On Feb. 8 the Seattle Seahawks defeated the New England Patriots during Super Bowl 60. As millions tuned in to watch the game, they were presented with a strange advertisement from the home security company, Ring. At first glance, it seemed wholesome, but it carried an unsettling undertone. The commercial was intended to introduce an artificial intelligence “search party” feature that would have utilized Ring devices to track down lost pets. The advertisement’s heartwarming story of finding a lost dog, however, couldn’t distract viewers from questioning how easily this feature could monitor their every move.

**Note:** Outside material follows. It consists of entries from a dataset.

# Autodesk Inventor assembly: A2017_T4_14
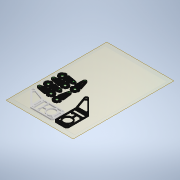
[picture p0: Inventor's stored thumbnail of the model, 180x180]
Saved by Autodesk Inventor 2020 (Build 240168000, 168)
## iProperties
Created: 2021-08-27
Part Number: A2017_T4_14
Document SubType Name: Assembly
Designer: Masato
Author: Masato
## Documents named in this file (5)
- D:\GitHub\inventor\SUSTAINA-OP\Cam\A2017_T4_14.iam
- D:\GitHub\inventor\SUSTAINA-OP\Cam\DisposableBoard.ipt
- D:\GitHub\inventor\SUSTAINA-OP\UpperBody\Trunk\Trunk_shoulder_frame.ipt
- D:\GitHub\inventor\SUSTAINA-OP\UpperBody\Trunk\Trunk_shoulder_frame_MIR.ipt
- D:\GitHub\inventor\SUSTAINA-OP\LowerBody\Ankle\Ankle_side_pitch_frame.ipt
## Components (9 placed, 4 different names)
1. DisposableBoard:1 — メイト:2, メイト:1, フラッシュ:1, フラッシュ:2, メイト:6, メイト:13, メイト:14, メイト:15, 正接:1, メイト:17, メイト:18, 正接:2, 正接:3, メイト:20, メイト:21
2. Trunk_shoulder_frame_MIR:1 — メイト:6, メイト:13, メイト:16, 正接:1, 正接:4, 正接:6
3. Trunk_shoulder_frame:1 — メイト:14, メイト:15, メイト:16
4. Ankle_side_pitch_frame:5 — メイト:20, 正接:5, 正接:6, 正接:7
5. Ankle_side_pitch_frame:6 — メイト:21, 正接:7, 正接:8, 正接:9
6. Ankle_side_pitch_frame:2 — メイト:18, メイト:19, 角度:1, 正接:2
7. Ankle_side_pitch_frame:1 — メイト:17, メイト:19, 正接:3, 正接:4, 正接:5
8. Ankle_side_pitch_frame:3 — 正接:8
9. Ankle_side_pitch_frame:4 — 正接:9
## Component patterns: (2 elements, first: Ankle_side_pitch_frame:2 + Ankle_side_pitch_frame:1)
## Relationships (24: Mate 12, Tangent 9, Flush 2, Angle 1)
- メイト:2 [Mate]: DisposableBoard:1
- メイト:1 [Mate]: DisposableBoard:1
- フラッシュ:1 [Flush]: DisposableBoard:1
- フラッシュ:2 [Flush]: DisposableBoard:1
- メイト:6 [Mate]: DisposableBoard:1 ↔ Trunk_shoulder_frame_MIR:1
- メイト:13 [Mate] (2 mm): DisposableBoard:1 ↔ Trunk_shoulder_frame_MIR:1
- メイト:14 [Mate]: DisposableBoard:1 ↔ Trunk_shoulder_frame:1
- メイト:15 [Mate] (2 mm): DisposableBoard:1 ↔ Trunk_shoulder_frame:1
- メイト:16 [Mate] (2.5 mm): Trunk_shoulder_frame_MIR:1 ↔ Trunk_shoulder_frame:1
- 正接:1 [Tangent] (2 mm): DisposableBoard:1 ↔ Trunk_shoulder_frame_MIR:1
- メイト:17 [Mate]: DisposableBoard:1 ↔ Ankle_side_pitch_frame:1
- メイト:18 [Mate]: DisposableBoard:1 ↔ Ankle_side_pitch_frame:2
- メイト:19 [Mate] (2.5 mm): Ankle_side_pitch_frame:2 ↔ Ankle_side_pitch_frame:1
- 角度:1 [Angle] (0 deg): Ankle_side_pitch_frame:2
- 正接:2 [Tangent] (3 mm): DisposableBoard:1 ↔ Ankle_side_pitch_frame:2
- 正接:3 [Tangent] (3 mm): DisposableBoard:1 ↔ Ankle_side_pitch_frame:1
- 正接:4 [Tangent] (8 mm): Trunk_shoulder_frame_MIR:1 ↔ Ankle_side_pitch_frame:1
- メイト:20 [Mate]: DisposableBoard:1 ↔ Ankle_side_pitch_frame:5
- メイト:21 [Mate]: DisposableBoard:1 ↔ Ankle_side_pitch_frame:6
- 正接:5 [Tangent] (2.5 mm): Ankle_side_pitch_frame:5 ↔ Ankle_side_pitch_frame:1
- 正接:6 [Tangent] (10 mm): Trunk_shoulder_frame_MIR:1 ↔ Ankle_side_pitch_frame:5
- 正接:7 [Tangent] (2.5 mm): Ankle_side_pitch_frame:5 ↔ Ankle_side_pitch_frame:6
- 正接:8 [Tangent] (2.5 mm): Ankle_side_pitch_frame:6 ↔ Ankle_side_pitch_frame:3
- 正接:9 [Tangent] (2.5 mm): Ankle_side_pitch_frame:6 ↔ Ankle_side_pitch_frame:4
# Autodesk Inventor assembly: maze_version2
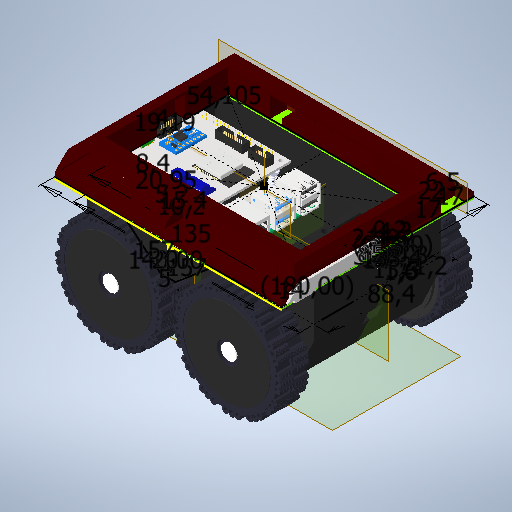
[picture p0: Inventor's stored thumbnail of the model, 512x512]
Saved by Autodesk Inventor 2025 (Build 290162000, 162)
## iProperties
Created: 2026-06-23
Part Number: maze_version2
Document SubType Name: Assembly
Designer: garin
Author: garin
## Documents named in this file (21)
- C:\Users\garin\Documents\Git\TheseusV2_Maze\Construction\Theseus_v2\Theseus_v2.iam
- C:\Users\garin\Documents\Git\TheseusV2_Maze\Construction\Theseus_v2\DDSM210.ipt
- C:\Users\garin\Documents\Git\TheseusV2_Maze\Construction\akkum_TSE\akkum.iam
- C:\Users\garin\Documents\Git\TheseusV2_Maze\Construction\Theseus_v2\low_part.ipt
- C:\Users\garin\Documents\Git\TheseusV2_Maze\Construction\Theseus_v2\USBCamera.ipt
- C:\Users\garin\Documents\Git\TheseusV2_Maze\Construction\maze_test_course\maze_test_course.ipt
- C:\Users\garin\Documents\Git\TheseusV2_Maze\Construction\Theseus_v2\TCS34725.ipt
- C:\Users\garin\Documents\Git\TheseusV2_Maze\Construction\Theseus_v2\optopar.ipt
- C:\Users\garin\Documents\Git\TheseusV2_Maze\Construction\Theseus_v2\magasin.ipt
- C:\Users\garin\Documents\Git\TheseusV2_Maze\Construction\Theseus_v2\LD19_v2.ipt
- C:\Users\garin\Documents\Git\TheseusV2_Maze\Construction\Theseus_v2\mother_board\sensor board.ipt
- C:\Users\garin\Documents\Git\TheseusV2_Maze\Construction\Theseus_v2\VL53l1X.ipt
- C:\Users\garin\Documents\Git\TheseusV2_Maze\Construction\Theseus_v2\VL53l1X\VL53l1X_MIR.ipt
- C:\Users\garin\Documents\Git\TheseusV2_Maze\Construction\Theseus_v2\VL53l1X\VL53l1X_MIR1.ipt
- C:\Users\garin\Documents\Git\TheseusV2_Maze\Construction\Theseus_v2\mother_board\mb_mother_board.iam
- C:\Users\garin\Documents\Git\TheseusV2_Maze\Construction\Theseus_v2\OCS-D008 B.ipt
- C:\Users\garin\Documents\Git\TheseusV2_Maze\Construction\Theseus_v2\up_part.ipt
- C:\Users\garin\Documents\Git\TheseusV2_Maze\Construction\Theseus_v2\SS-5GL switch\SS-5GL switch.ipt
- C:\Users\garin\Documents\Git\TheseusV2_Maze\Construction\Theseus_v2\mother_board\Micro limit switch.ipt
- C:\Users\garin\Documents\Git\TheseusV2_Maze\Construction\Theseus_v2\microswitch_cap.ipt
- C:\Users\garin\Documents\models\altium_models\Micro limit switch_MIR5.ipt
## Components (28 placed, 20 different names)
1. low_part:1 — Заподлицо:1, Заподлицо:2, Заподлицо:3, Совмещение:1, Совмещение:2, Совмещение:3, Совмещение:7, Совмещение:8, Совмещение:9, Совмещение:27, Совмещение:28, Совмещение:29, Совмещение:30, Совмещение:31, Совмещение:32, Совмещение:42, Совмещение:43, Совмещение:44, Совмещение:45, Совмещение:46, Совмещение:47, Совмещение:49, Угол:1, Угол:2, Совмещение:52, Совмещение:53, Совмещение:59, Совмещение:60, Заподлицо:13, Совмещение:62, Совмещение:63, Заподлицо:14, Совмещение:64, Совмещение:65, Совмещение:66, Заподлицо:16, Заподлицо:17, Заподлицо:18, Совмещение:68
2. DDSM210:1 — Совмещение:27, Совмещение:28, Совмещение:29, Заподлицо:19
3. DDSM210:2 — Совмещение:1, Совмещение:2, Совмещение:3
4. DDSM210:3 — Совмещение:30, Совмещение:31, Совмещение:32
5. DDSM210:4 — Совмещение:7, Совмещение:8, Совмещение:9
6. akkum:2 [sub-assembly]
7. maze_test_course:1 — Совмещение:35
8. TCS34725:1 — Совмещение:45, Совмещение:46, Совмещение:47
9. optopar:1 — Совмещение:42, Совмещение:43, Совмещение:44
10. USBCamera:2 — Совмещение:49, Угол:1, Совмещение:68
11. magasin:1 — Совмещение:62, Совмещение:63, Заподлицо:14, Заподлицо:15
12. LD19_v2:1 — Угол:2, Совмещение:52, Совмещение:53, Совмещение:61
13. sensor board:1 — Заподлицо:9, Совмещение:54, Заподлицо:10, Совмещение:55, Заподлицо:11, Совмещение:56, Угол:3, Совмещение:57, Заподлицо:12, Совмещение:58, Совмещение:66, Заподлицо:16, Заподлицо:17, Совмещение:67, Совмещение:75, Заподлицо:20, Совмещение:76
14. VL53l1X:1 — Заподлицо:9, Совмещение:54
15. VL53l1X:2 — Угол:3, Совмещение:57, Заподлицо:12
16. VL53l1X:4 — Заподлицо:11, Совмещение:56, Совмещение:58
17. VL53l1X:5 — Заподлицо:10, Совмещение:55
18. VL53l1X_MIR:1
19. VL53l1X_MIR1:1
20. mb_mother_board:1 [sub-assembly] — Совмещение:59, Совмещение:60, Заподлицо:13, Совмещение:61
21. OCS-D008 B:1 — Заподлицо:15, Совмещение:64, Совмещение:65
22. up_part:1 — Совмещение:67, Заподлицо:18, Заподлицо:19, Совмещение:69, Совмещение:70, Совмещение:71, Совмещение:77, Совмещение:78
23. USBCamera:3 — Совмещение:69, Совмещение:70, Совмещение:71
24. USBCamera:4
25. SS-5GL switch:1
26. Micro limit switch:1 — Совмещение:75, Заподлицо:20, Совмещение:76, Совмещение:79
27. microswitch_cap:1 — Совмещение:77, Совмещение:78, Совмещение:79
28. Micro limit switch_MIR5:1
## Relationships (63: Mate 45, Flush 15, Angle 3)
- Заподлицо:1 [Flush]: low_part:1
- Заподлицо:2 [Flush]: low_part:1
- Заподлицо:3 [Flush]: low_part:1
- Совмещение:1 [Mate]: low_part:1 ↔ DDSM210:2
- Совмещение:2 [Mate]: low_part:1 ↔ DDSM210:2
- Совмещение:3 [Mate]: low_part:1 ↔ DDSM210:2
- Совмещение:7 [Mate]: low_part:1 ↔ DDSM210:4
- Совмещение:8 [Mate]: low_part:1 ↔ DDSM210:4
- Совмещение:9 [Mate]: low_part:1 ↔ DDSM210:4
- Совмещение:27 [Mate]: low_part:1 ↔ DDSM210:1
- Совмещение:28 [Mate]: low_part:1 ↔ DDSM210:1
- Совмещение:29 [Mate]: low_part:1 ↔ DDSM210:1
- Совмещение:30 [Mate]: low_part:1 ↔ DDSM210:3
- Совмещение:31 [Mate]: low_part:1 ↔ DDSM210:3
- Совмещение:32 [Mate]: low_part:1 ↔ DDSM210:3
- Совмещение:35 [Mate]: maze_test_course:1
- Совмещение:42 [Mate]: low_part:1 ↔ optopar:1
- Совмещение:43 [Mate]: low_part:1 ↔ optopar:1
- Совмещение:44 [Mate]: low_part:1 ↔ optopar:1
- Совмещение:45 [Mate]: low_part:1 ↔ TCS34725:1
- Совмещение:46 [Mate]: low_part:1 ↔ TCS34725:1
- Совмещение:47 [Mate]: low_part:1 ↔ TCS34725:1
- Совмещение:49 [Mate]: low_part:1 ↔ USBCamera:2
- Угол:1 [Angle] (0 deg): low_part:1 ↔ USBCamera:2
- Угол:2 [Angle] (180 deg): low_part:1 ↔ LD19_v2:1
- Совмещение:52 [Mate]: low_part:1 ↔ LD19_v2:1
- Совмещение:53 [Mate]: low_part:1 ↔ LD19_v2:1
- Заподлицо:9 [Flush]: sensor board:1 ↔ VL53l1X:1
- Совмещение:54 [Mate]: sensor board:1 ↔ VL53l1X:1
- Заподлицо:10 [Flush]: sensor board:1 ↔ VL53l1X:5
- Совмещение:55 [Mate]: sensor board:1 ↔ VL53l1X:5
- Заподлицо:11 [Flush]: sensor board:1 ↔ VL53l1X:4
- Совмещение:56 [Mate]: sensor board:1 ↔ VL53l1X:4
- Угол:3 [Angle] (0 deg): sensor board:1 ↔ VL53l1X:2
- Совмещение:57 [Mate]: sensor board:1 ↔ VL53l1X:2
- Заподлицо:12 [Flush]: sensor board:1 ↔ VL53l1X:2
- Совмещение:58 [Mate] (5 mm): sensor board:1 ↔ VL53l1X:4
- Совмещение:59 [Mate]: low_part:1 ↔ mb_mother_board:1
- Совмещение:60 [Mate]: low_part:1 ↔ mb_mother_board:1
- Заподлицо:13 [Flush] (4 mm): low_part:1 ↔ mb_mother_board:1
- Совмещение:61 [Mate] (2 mm): LD19_v2:1 ↔ mb_mother_board:1
- Совмещение:62 [Mate] (0.2 mm): low_part:1 ↔ magasin:1
- Совмещение:63 [Mate] (0.2 mm): low_part:1 ↔ magasin:1
- Заподлицо:14 [Flush] (1.4 mm): low_part:1 ↔ magasin:1
- Заподлицо:15 [Flush] (-0.4 mm): magasin:1 ↔ OCS-D008 B:1
- Совмещение:64 [Mate] (0.5 mm): low_part:1 ↔ OCS-D008 B:1
- Совмещение:65 [Mate] (0.5 mm): low_part:1 ↔ OCS-D008 B:1
- Совмещение:66 [Mate]: low_part:1 ↔ sensor board:1
- Заподлицо:16 [Flush]: low_part:1 ↔ sensor board:1
- Заподлицо:17 [Flush]: low_part:1 ↔ sensor board:1
- Совмещение:67 [Mate]: sensor board:1 ↔ up_part:1
- Заподлицо:18 [Flush]: low_part:1 ↔ up_part:1
- Заподлицо:19 [Flush]: DDSM210:1 ↔ up_part:1
- Совмещение:68 [Mate]: low_part:1 ↔ USBCamera:2
- Совмещение:69 [Mate]: up_part:1 ↔ USBCamera:3
- Совмещение:70 [Mate] (0.5 mm): up_part:1 ↔ USBCamera:3
- Совмещение:71 [Mate] (0.5 mm): up_part:1 ↔ USBCamera:3
- Совмещение:75 [Mate]: sensor board:1 ↔ Micro limit switch:1
- Заподлицо:20 [Flush] (2.6 mm): sensor board:1 ↔ Micro limit switch:1
- Совмещение:76 [Mate] (-3 mm): sensor board:1 ↔ Micro limit switch:1
- Совмещение:77 [Mate] (0.25 mm): up_part:1 ↔ microswitch_cap:1
- Совмещение:78 [Mate] (0.2 mm): up_part:1 ↔ microswitch_cap:1
- Совмещение:79 [Mate]: Micro limit switch:1 ↔ microswitch_cap:1

At its core, the commercial showcased an algorithm designed to watch, record, and analyze people’s movements without their consent, all framed under the guise of public and community service. While the Ring company has since cancelled the release of the feature, AI-driven surveillance technologies, especially when embedded in consumer devices, pose serious threats to privacy.
Developers usually design these systems with good intentions: improve neighborhood safety, optimize our travel, increase our productivity, tailor recommendations, and enhance medical diagnoses. Yet they are underpinned by mass data collection and automated analysis, and they are deployed to conduct techniques such as facial recognition and predictive behavioral analysis. Even if a feature like “search party” was designed to help find a lost pet, it inadvertently introduced a system that could scour footage from multiple homes without clear boundaries that decided who could see it, how long this data is stored or how this footage might be repurposed and weaponized.
The most well-known example of such data collection was the Patriot Act, which was signed into law in 2001. This allowed the NSA to collect the telephone metadata of domestic citizens after September 11th, 2001. The clause that allowed the bulk collection of telephone metadata was only put to end in 2015. However, the Patriot Act as a whole has yet to be fully repealed, with a bill having been introduced to do so in 2025.
In 2023, the Federal Trade Commission sued Amazon, Ring’s parent company, for privacy violations, alleging that the company failed to adequately protect users’ video data. They found that Ring allowed employees and contractors overly broad access to private camera footage, enabling workers to view and download recordings from inside customers’ homes. Amazon agreed to settle, paying $5.6 million and implementing additional safeguards, including limiting employee access to footage and deleting data and algorithms from improperly accessed footage. Amazon was also ordered to pay $25 million in a separate settlement over privacy violations involving its Alexa devices and the retention of children’s voice recordings and location data. Amazon assured parents they could control and delete the storage of voice recordings or location data, yet the company failed to comply with parents’ requests, and kept children’s data to train Alexa’s algorithm.
According to the Pew Research Center, in 2023, 71% of Americans said they are concerned about how the government uses the data it collects. In 2019, 62% of Americans believed it was impossible to go through daily life without having companies or the government collect their data. Constant monitoring changes what privacy means. Once, it was about controlling who had access to your personal information. Today, most services we use collect explicit details about our habits, preferences, and daily routines. For example, 78% of Americans do not fully understand how the government handles personal data, and 59% feel the same way about corporate-collected data. Most people have no practical way of knowing which data is being collected, how it is analyzed, or how algorithmic decisions might affect their lives. Yet algorithms and their outputs are employed to make decisions with real-world consequences that affect people’s livelihoods.
The danger lies in the invisibility and normalization of these systems; everyone interacts with AI-driven tools or algorithms daily without understanding that their behavior is being monitored and analyzed. Continued acceptance of this technology without any understanding of how it functions erodes fundamental concepts of privacy and autonomy. As a result, it makes it easier for both corporations and governments to extend their reach. If we, as citizens, cannot question or challenge the systems that shape our opportunities and lives every day, then the possibility of ever holding these systems accountable becomes nearly impossible.